Archaeology in the Classroom Interactive archaeology programs for students of all ages

Archaeology in the Classroom is designed to bring interactive archaeology programs to students of all ages. The study of archaeology can be used as a pathway to teach students about science, math, social studies, literature, and our shared cultural heritage. An Archaeology in the Classroom program includes a brief overview of what archaeologists do, what archaeology is, and hands-on activities to reinforce archaeological concepts. The Archaeology in the Classroom experience can be custom tailored to each class in order to deliver a presentation that meets your students’ needs and interests. Please contact SCAPOD for current prices, and to learn more about Archaeology in the Classroom programming for your school.

 

“You all put a lot of thought in creating and implementing lessons that match our standards and engages our students. We would like to thank you all for the wonderful experience!” – Janaya Sumrall, 5th grade teacher, Forest Heights Elementary


Activities

SCAPOD archaeology activities are designed to use archaeology as a tool for teaching about anthropology and our shared cultural heritage. Some activities can be custom tailored to each location in order to teach archaeological concepts that meets your needs and interests. Please contact SCAPOD for current prices, to propose a new activity, or to learn more about activities for your group, event, or venue. Examples of some current SCAPOD activities include:

Berry Ink

Writing supplies such as pencils, ballpoint pens, and even commercially made ink were not always available to people of the past.  Sometimes ink needed to be made with whatever was on hand. In this colonial-era activity, students learn to make ink out of berries, salt and vinegar. Students then have the chance to write or draw with their newly-made in using feather quills.

games of the past

People have been playing games for thousands of years. We will explore the evolution of games from prehistoric into historic and modern times. Students will play early 20th century parlor games, as well as some prehistoric Native American games. Students will also make a ring and pin game to take home. The ring and pin game has been popular from prehistory to the modern area.  Each version of the game is a little different depending on what materials were readily available. To play this game, a ring or other target is fastened to a cord. The target is thrown into the air and must be speared by the pin attached to the other end of the cord.

Make Your Own Gorget

This activity is designed to help participants express themselves through visual symbolism. Each participant will use air-drying clay to make a clay gorget that says something about himself/herself.

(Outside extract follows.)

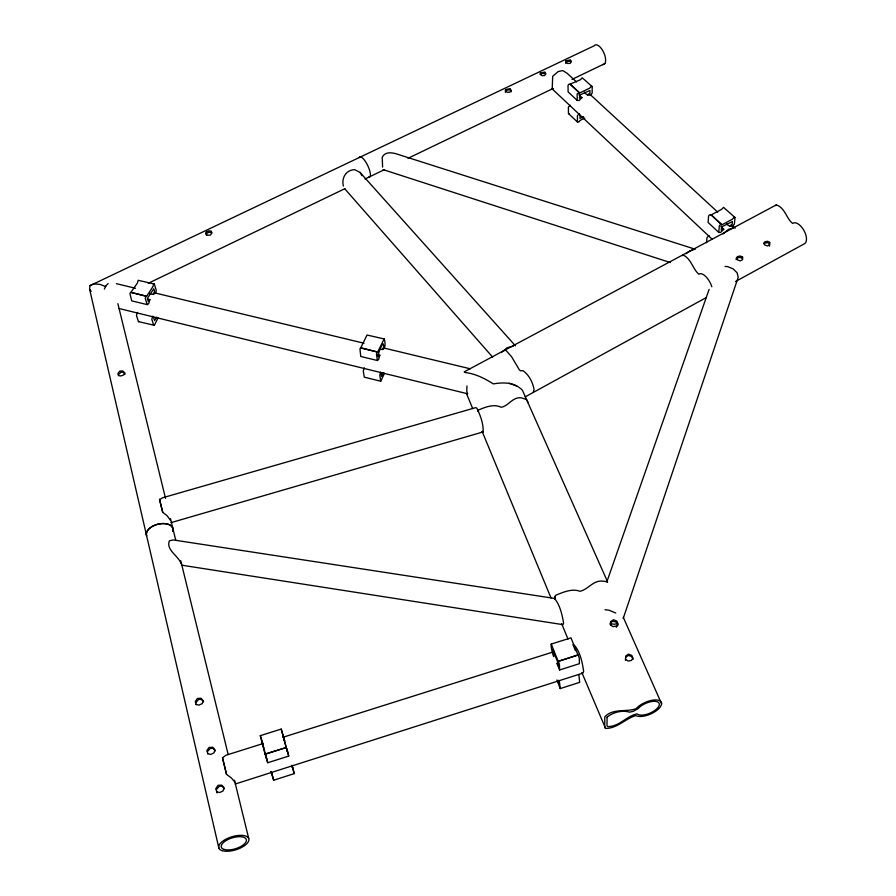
<?xml version="1.0" encoding="UTF-8"?>
<svg xmlns="http://www.w3.org/2000/svg" width="896" height="896" viewBox="0 0 896 896"><rect width="100%" height="100%" fill="white"/><g stroke="black" fill="none" stroke-linecap="round" stroke-linejoin="round"><path stroke-width="1.34" d="M769.574 246.154L769.014 243.253L767.334 242.648L764.579 243.219M604.699 727.787L604.811 716.822C613.021 707.941 626.562 712.387 636.205 708.624A14.672 6.406 -23.5 0 1 656.936 699.989A14.672 6.406 -23.5 0 1 656.499 710.629A14.672 6.406 -23.5 0 1 635.925 715.59C625.632 718.424 617.456 728.426 605.584 728.459L581.84 672.515M147.314 298.984L149.89 299.611L148.669 303.744L147.179 304.618L131.701 300.854L129.909 293.194L130.95 292.264L146.619 296.285L152.846 286.776L153.664 284.01L154.314 283.976L156.229 290.282C156.33 294.28 152.365 295.344 149.397 293.362M466.95 385.941L466.749 391.138L467.701 393.803L119.179 308.549M171.024 522.637L483.179 431.906C483.459 423.696 480.446 415.52 476.874 408.218L475.698 407.635L162.59 497.784L159.522 499.621L162.714 512.333L167.048 515.637L170.397 520.206M706.586 242.704L706.966 237.642L709.05 235.558M720.821 226.565L723.733 229.264L720.709 232.344L718.76 232.4L719.309 225.893L720.138 224.784L721.997 224.784L732.267 219.296L734.294 217.224L735 217.504L734.395 224.022C732.581 227.629 728.258 226.755 726.622 223.462M625.442 660.318L625.755 655.95L628.566 654.136L631.792 655.446L633.024 658.269L631.333 660.464L627.973 661.035L625.475 659.131M377.238 354.592L379.803 355.219L378.605 359.531L377.44 360.528L360.752 356.474L359.957 348.768L360.797 347.749L377.642 352.061L384.182 338.934C385.538 342.014 386.042 352.027 380.094 348.914M610.445 624.904L610.646 622.787L612.752 621.253L616.773 622.283L618.005 625.094L616.269 627.267M218.893 848.198L89.6 289.173L89.981 285.634L594.104 45.819A10.662 4.794 65.8 0 1 603.848 52.786A10.662 4.794 65.8 0 1 602.493 64.602M558.186 661.382L578.077 654.864L579.309 658.011L579.387 663.69L559.597 669.984L557.144 663.79L557.01 663.163L558.354 665.997L558.062 662.894L552.72 649.656C556.282 667.05 550.077 646.554 551.242 644.067L570.965 637.851L578.043 655.088L558.186 661.382L551.242 644.067M565.757 63.493L565.925 62.238L568.03 61.23L570.741 61.51M153.574 317.509L154.549 320.634L156.733 317.128M505.389 92.277L505.635 90.955L507.808 89.925L510.261 89.947L511.202 91.784M381.214 373.218L381.461 376.387L383.555 372.602M153.25 294.291L154.571 291.312L153.787 288.758L147.515 298.166L148.187 301.403L149.89 299.611M382.659 349.53L383.835 346.405L383.208 343.896C381.898 343.045 374.786 362.029 379.803 355.219M533.277 392.426L534.05 389.57C532.806 382.301 529.133 375.144 523.107 370.72L520.453 370.754L519.31 369.802L511.582 356.709L506.094 350.515L505.154 349.944L504.773 350.56L505.154 349.944M380.61 372.187L379.781 375.133L380.744 381.226L384.474 373.274M623.19 618.52L738.248 277.178L737.094 272.776L733.118 268.878L727.395 266.538L725.043 266.482M607.174 580.922L709.117 289.352M343.37 186.043C341.354 178.035 345.923 169.87 354.715 169.669L360.08 172.48L515.48 345.856M578.894 94.786L581.93 97.608L579.174 100.498L577.226 100.408L568.12 91.918L568.019 85.378L568.747 84.325L570.203 84.101L579.768 92.949L589.579 88.189L591.427 86.251L592.166 86.587L592.178 93.128C590.341 96.925 586.029 95.01 584.438 92.098M104.362 289.061L105.806 285.891L108.158 283.539M477.859 411.342L478.554 409.998C485.363 407.086 493.965 403.648 501.189 407.266C508.894 406.011 512.837 396.088 521.987 397.981L526.557 399.594L528.371 403.066M158.054 317.901L154.347 325.304L138.443 321.608L136.461 315.504L137.525 312.424M554.848 596.613L554.949 599.2L554.848 596.613L555.688 595.291C563.091 592.245 571.939 588.258 579.992 591.259C588.291 589.579 593.141 579.947 602.762 581.157A13.899 6.922 -23.5 0 1 607.533 582.389M364.258 367.875L363.25 371.09L364.291 377.171L380.744 381.226M216.294 789.645L219.363 786.229L222.152 786.24L224.448 788.827M207.334 751.699L210.37 748.35L213.114 748.384L215.365 750.893M195.754 702.61L198.722 699.373L201.421 699.429L203.616 701.837M579.97 115.17L580.003 118.429L583.632 116.648M501.379 352.531L507.226 347.693L513.251 346.17M723.005 233.957L728.504 229.376L733.062 227.987M736.075 259.571L737.318 257.947L740.174 257.342L742.482 258.496M118.406 374.741L120.982 372.154L123.312 372.288L125.138 374.114M682.237 255.618L682.797 254.912C691.242 258.474 692.765 269.147 698.846 274.232A12.051 5.398 61.2 0 1 705.645 276.416A12.051 5.398 61.2 0 1 711.816 286.787M587.485 94.909L589.971 93.083L589.96 90.429L579.779 95.021L579.443 98.202L581.93 97.608M152.858 316.176L151.794 319.267L153.709 325.371M729.546 226.15L732.189 224.146L732.435 221.502L721.818 226.845L721.179 230.048L723.733 229.264M775.712 205.61L776.339 204.87C785.109 207.782 786.453 218.781 792.635 223.429A11.782 5.992 61.1 0 1 803.544 229.802A11.782 5.992 61.1 0 1 804.787 243.555L735.482 281.557M570.282 105.224L568.378 107.173L568.478 113.546L577.472 122.035L578.939 121.979L580.026 120.445L584.853 118.059M579.309 113.702L577.405 115.662L577.472 122.035M234.987 782.331L231.358 777.93L226.52 774.39L222.51 757.826L225.725 755.339L262.987 743.568M686 253.736L689.875 250.925L694.579 249.334M625.722 657.149L628.522 655.334L631.747 656.645L632.979 659.456M712.242 239.299L552.205 88.928L552.877 88.514M377.552 351.803L376.454 354.256L377.44 360.528M525.179 396.872L706.25 297.584M464.162 371.874L776.339 204.87M148.232 283.304L344.882 188.686M365.053 178.987L384.003 169.859M407.971 158.323L553.056 88.525M571.973 79.419L604.778 63.638M540.4 74.39L542.528 73.371L545.238 73.674M89.97 285.634L93.778 283.886L100.016 284.413L105.829 286.63M130.95 292.264L137.379 283.069L138.197 280.314L154.314 283.976M146.474 296.016L145.208 298.323L147.179 304.618M552.205 88.928L552.698 76.306L558.13 71.59L562.565 70.594L563.64 71.075L567.325 73.45L576.531 81.939M270.928 771.456L273.672 780.214L294.28 773.618L292.163 765.822M556.92 680.03L560.224 688.576L579.667 682.36L578.861 674.554M266.448 753.827L286.227 747.555L265.059 754.051L267.747 762.742L288.758 756.067L286.776 748.832L287.594 751.923M235.211 784.022L583.027 673.086L583.654 671.16C582.221 662.222 580.373 652.266 574.381 645.254M265.059 754.051L260.277 735.672L281.221 729.075L284.626 740.824L284.402 740.074M282.946 737.274L551.757 652.4M617.501 623.448L614.421 624.266L610.254 623.728M138.443 321.608L139.093 321.541M263.715 747.421L263.502 746.67M718.76 232.4L708.098 222.454L708.59 215.947L709.419 214.838L711.278 214.85L721.515 209.418L723.531 207.357L735 217.504M607.533 581.728L522.435 390.275C514.573 382.054 503.294 382.2 493.293 383.891C484.702 378.437 475.474 373.71 465.013 372.501M605.013 609.717L609.034 610.21L615.731 613.021M570.203 84.101L580.406 79.755L582.243 77.818L592.166 86.587M181.44 565.141L563.046 624.669L563.595 623.067C562.106 614.533 560.045 605.338 554.602 598.438L173.219 539.93L169.344 540.848C165.883 550.077 178.158 555.509 181.003 563.461M579.354 92.579L577.158 93.867L577.226 100.408M196.011 704.435L198.99 705.118L202.261 703.629L203.179 700.683L200.984 698.264L197.411 698.432L195.306 701.467L196.224 704.603M384.182 338.934L367.024 335.026L360.797 347.749M116.424 283.685L135.475 288.266M154.526 292.846L364.067 343.246M384.485 348.163L470.198 368.782M131.096 292.544L145.331 295.982M362.174 348.331L377.642 352.061M207.626 753.682L210.683 754.421L214.01 752.853L214.928 749.762L212.677 747.264L209.026 747.443L206.898 750.579L207.827 753.76M216.608 791.762L219.733 792.546L223.104 790.922L224.022 787.73L221.715 785.142L218.019 785.333L215.846 788.547L217.045 792.859M695.218 249.234L398.686 154.605C393.344 152.723 385.235 150.819 382.234 157.282L382.603 167.115M383.062 169.602L670.32 262.55M509.085 383.13L516.723 386.03M568.478 113.546L569.218 113.848M206.371 235.245L206.606 233.419L209.082 232.243L211.658 232.725M482.216 431.368L483.179 431.906M589.837 94.214L717.763 212.184M732.088 225.4L735.157 228.234M710.898 214.514L721.616 224.448M570.27 84.426L579.421 92.904M710.942 214.827L721.661 224.762M344.546 188.563L492.621 357.101M89.6 289.173L91.179 291.357M558.208 661.17L559.418 664.328L559.597 669.984M360.08 172.48L362.051 175.65M623.302 617.344L661.606 703.786M466.446 393.456L472.696 408.587M482.16 431.469L550.995 597.912M561.635 623.672L568.019 639.094M572.936 644.627L575.411 650.619M557.816 680.691L558.958 683.278L558.667 680.277M266.594 758.598L262.259 742.683M260.277 735.672L262.091 741.059M286.91 749.762L288.758 756.067M294.28 773.618L291.995 766.058M559.328 680.781L560.224 688.576M265.821 755.474L267.747 762.742M271.163 771.949L272.059 774.581M262.842 744.139L261.923 741.395M291.85 765.352L292.734 768.253L291.995 765.453M283.718 737.554L282.8 734.552L287.078 750.725M272.787 776.866L271.387 772.027M272.899 777.224L273.672 780.214M262.427 742.269L263.099 744.688M286.608 749.078L286.16 747.365M265.877 755.776L266.549 758.33M286.227 747.555L281.221 729.075M117.88 303.666L165.525 498.355M170.486 518.638L175.773 540.355M180.746 560.683L228.166 754.477M234.472 780.226L248.73 838.51M222.51 757.826L226.52 774.39M159.555 499.262L162.714 512.333M359.162 157.584A11.256 3.405 64.3 0 1 367.797 165.715A11.256 3.405 64.3 0 1 368.48 177.184M769.742 242.368L769.731 244.787L767.558 245.974L764.848 245.034L763.56 243.41L764.736 241.853L767.491 241.27L769.742 242.368M607.096 717.226L606.984 725.906L607.869 726.578C619.494 726.578 626.416 716.072 636.933 713.91L637.907 714.37A12.242 5.342 -23.5 0 0 655.077 710.248A12.242 5.342 -23.5 0 0 655.458 701.355A12.242 5.342 -23.5 0 0 638.165 708.568L633.326 711.301L629.563 712.152C622.283 709.845 612.662 712.331 607.096 717.226M742.616 257.13L742.582 259.65L740.309 260.893L737.498 259.907L736.21 258.205L737.442 256.581L740.309 255.987L742.616 257.13M610.658 621.566L610.366 624.747L612.875 626.64L616.291 626.058L618.027 623.874L616.795 621.062L613.525 619.741L610.658 621.566M565.902 60.861L565.734 62.126L567.65 63.47L570.192 63.381L571.446 61.656L570.472 59.864L565.902 60.861M540.355 73.024L540.154 74.312L542.069 75.667L544.634 75.578L545.91 73.83L544.947 72.027L540.355 73.024M505.568 89.578L505.31 90.899L507.226 92.277L509.824 92.187L511.134 90.418L510.194 88.581L505.568 89.578M206.259 232.086L205.587 233.688L207.435 235.256L210.28 235.122L211.915 233.117L211.165 231.034L208.734 230.899L206.259 232.086M124.69 372.814L123.794 374.909L120.949 375.95L118.462 375.614L117.947 373.442L119.795 371.056L122.864 370.989L124.69 372.814M159.611 523.824A13.642 7.885 -14.4 0 0 146.63 535.73A13.642 7.885 -14.4 0 1 159.6 523.88A13.642 7.885 -14.4 0 1 172.805 531.261A13.642 7.885 -14.4 0 0 159.6 523.88M224.067 849.442A13.093 5.678 -17 0 0 245.638 842.486A13.093 5.678 -17 0 0 231.717 838.029A13.093 5.678 -17 0 0 224.067 849.442M222.107 850.651A15.691 6.798 -17 0 0 247.968 842.318A15.691 6.798 -17 0 0 231.302 836.954A15.691 6.798 -17 0 0 222.107 850.651"/></g></svg>

Student can then take their gorgets home.

Make Your Own Pottery

Similar to Make Your Own Gorget, this activity allows participants to create their own pottery using air-drying clay following a lesson on prehistoric and historic pottery types. Participants will be given the freedom to express their creativity in this activity by designing a pot they will be proud to take home. Pottery tools (i.e., coil paddles, carved paddles, bamboo) will be provided to assist participants in their pottery designs.

Pottery Re-fit

This activity is designed to help participants learn about techniques used by archaeologists in the lab. They will decorate small ceramic pots (one per participant), then “accidentally” drop them…Oops! Using glue and puzzle power they reassemble their pots to take home.

Sand Stratigraphy

Participants in this activity will learn about the concept of stratigraphy, or the geological layers in the soil. Following the directions given in a narrative that illustrates how archaeological sites are made, participants will create their own archaeological site using a clear plastic jar, colored sand, and small “artifacts”. Participants can then take their archaeological sites home to enjoy and describe to their families!

symbols of the past

This activity is based on the book Discovering South Carolina’s Rock Art by Tommy Charles (2010). Students will learn what the term symbolism means within Anthropology. They will then conduct two activities to explore what symbolism means to them. Students will work as a class to draw pictographs on a Rock Art Wall (a long piece of butcher paper that is left with the teacher for display). Students will also carve petroglyphs on pieces of air dry clay they can take home.

Wattle and Daub

Participants will learn about the types of buildings Native Americans constructed, and the resources they used in South Carolina to complete the process. Wattle and daub huts were one form of shelter used by people native to the South Carolina region. The huts were made of woven branches covered with a mud mixture to form walls. Palmetto fronds or other material would then be woven on the top of the wattle and daub walls to form a roof. Participants will work cooperatively in small groups to construct model wattle and daub huts using both building materials found in South Carolina’s natural environment and modern materials.